◆ Recorded information:
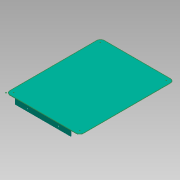
# Autodesk Inventor part: Cart_TOP_SHELF
Saved by Autodesk Inventor 2015 (Build 190159000, 159)
## iProperties
Created: 2015-05-21
Part Number: Cart_TOP_SHELF
Material: Cart Material
Document SubType Name: Modeling
Designer: Joe Sheldon
Density: 1 g/cm^3
Appearance: Default
Author: Joe Sheldon
Autodesk Inventor part; units mm, degrees
ref_plane "YZ Plane" through (0, 0, 0) normal (1, 0, 0) x (0, 1, 0)
ref_plane "XZ Plane" through (0, 0, 0) normal (0, 1, 0) x (-1, 0, 0)
ref_plane "XY Plane" through (0, 0, 0) normal (0, 0, 1) x (1, 0, 0)
sketch "Sketch1" plane through (0, 0, 0) normal (0, 1, 0) x (-1, 0, 0)
  line L0 (0, 0) -> (-361.95, 0)
  line L1 (-361.95, 0) -> (-361.95, -463.55)
  line L2 (-361.95, -463.55) -> (0, -463.55)
  line L3 (0, -463.55) -> (0, 0)
  dimension "d0" = 361.95
  dimension "d1" = 463.55
  constraints: 8 end point, 2 parallel, 1 horizontal, 1 perpendicular
  measures "d0" distance of L2.end L1.end
  measures "d1" distance of L1.end L0.end
extrude "Extrusion1" add sketch "Sketch1" along normal blind 2.794
fillet "Fillet1" radius 19.05 4 edges at (361.95, 1.397, 0) (361.95, 1.397, -463.55) (0, 1.397, -463.55) (0, 1.397, 0)
sketch "Sketch2" plane through (0, 0, 0) normal (0, -1, 0) x (1, 0, 0)
  line L0 (19.05, 0) -> (342.9, 0)
  line L1 (342.9, 0) -> (342.9, -2.8525)
  line L2 (342.9, -2.8525) -> (19.05, -2.8525)
  line L3 (19.05, -2.8525) -> (19.05, 0)
  line L4 (342.9, -2.8525) -> (317.5, -2.8525)
  line L5 (317.5, -2.8525) -> (317.5, 0)
  line L6 (317.5, 0) -> (342.9, 0)
  line L7 (342.9, 0) -> (342.9, -2.8525)
  line L8 (19.05, -2.8525) -> (44.45, -2.8525)
  line L9 (44.45, -2.8525) -> (44.45, 0)
  line L10 (44.45, 0) -> (19.05, 0)
  line L11 (19.05, 0) -> (19.05, -2.8525)
  line L12 (44.45, -2.8525) -> (317.5, -2.8525)
  line L13 (317.5, -2.8525) -> (317.5, 0)
  line L14 (317.5, 0) -> (44.45, 0)
  line L15 (44.45, 0) -> (44.45, -2.8525)
  point P0 (0, 0)
  dimension "d5" = 25.4
  dimension "d6" = 25.4
  constraints: 32 end point, 8 parallel, 4 horizontal, 4 perpendicular, 2 point on line
  measures "d5" distance of L5.end L6.end
  measures "d6" distance of L10.end L9.end
extrude "Extrusion2" add sketch "Sketch2" along normal blind 25.4 contours L0 L5 L2 L9
sketch "Sketch3" plane through (19.05, 2.794, 0) normal (0, 0, 1) x (1, 0, 0)
  line L0 (323.85, -2.794) -> (0, -2.794) projected
  line L1 (25.405, -2.794) -> (25.4, -15.494)
  line L2 (25.4, -2.794) -> (25.4, -28.194) projected
  line L3 (25.4, -15.494) -> (85.4, -15.5178)
  line L4 (298.45, -2.794) -> (298.45, -28.194) projected
  line L5 (298.45, -15.494) -> (238.45, -15.494)
  circle A0 centre (85.4, -15.5178) radius 3.429
  circle A1 centre (238.45, -15.494) radius 3.429
  point P0 (-19.05, -2.794)
  dimension "d9" = 12.7
  dimension "d10" = 60
  dimension "d11" = 60
  dimension "d12" = 6.858
  dimension "d13" = 6.858
  constraints: 6 end point, 2 centre point, 2 coincident, 2 midpoint, 1 horizontal, 1 perpendicular, 1 point on line
  measures "d9" distance of L1.start L1.end
  measures "d10" distance of L1.end L3.end
  measures "d11" distance of L5.start L5.end
  measures "d12" diameter of A0
  measures "d13" diameter of A1
extrude "Extrusion3" cut sketch "Sketch3" against normal blind 25.4 contours A0 | A1
sketch "Sketch4" plane through (0, 2.794, 0) normal (0, 1, 0) x (1, 0, 0)
  arc A0 (0, 19.05) -> (19.05, 0) centre (19.05, 19.05) ccw projected
  line L0 (19.05, 0) -> (342.9, 0) projected
  arc A1 (342.9, 0) -> (361.95, 19.05) centre (342.9, 19.05) ccw projected
  line L1 (361.95, 19.05) -> (361.95, 444.5) projected
  arc A2 (361.95, 444.5) -> (342.9, 463.55) centre (342.9, 444.5) ccw projected
  line L2 (342.9, 463.55) -> (19.05, 463.55) projected
  arc A3 (19.05, 463.55) -> (0, 444.5) centre (19.05, 444.5) ccw projected
  line L3 (0, 444.5) -> (0, 19.05) projected
  point P0 (0, 0)
body "Solid1"

◆ Your objective:
In the entries above, the lines between the one holding "Appearance: Default" and the one holding "0, 0) normal (0, 0, 1)", inclusive, are to be printed exactly as written, and those alone.

◆ Result for this task:
Appearance: Default
Author: Joe Sheldon
Autodesk Inventor part; units mm, degrees
ref_plane "YZ Plane" through (0, 0, 0) normal (1, 0, 0) x (0, 1, 0)
ref_plane "XZ Plane" through (0, 0, 0) normal (0, 1, 0) x (-1, 0, 0)
ref_plane "XY Plane" through (0, 0, 0) normal (0, 0, 1) x (1, 0, 0)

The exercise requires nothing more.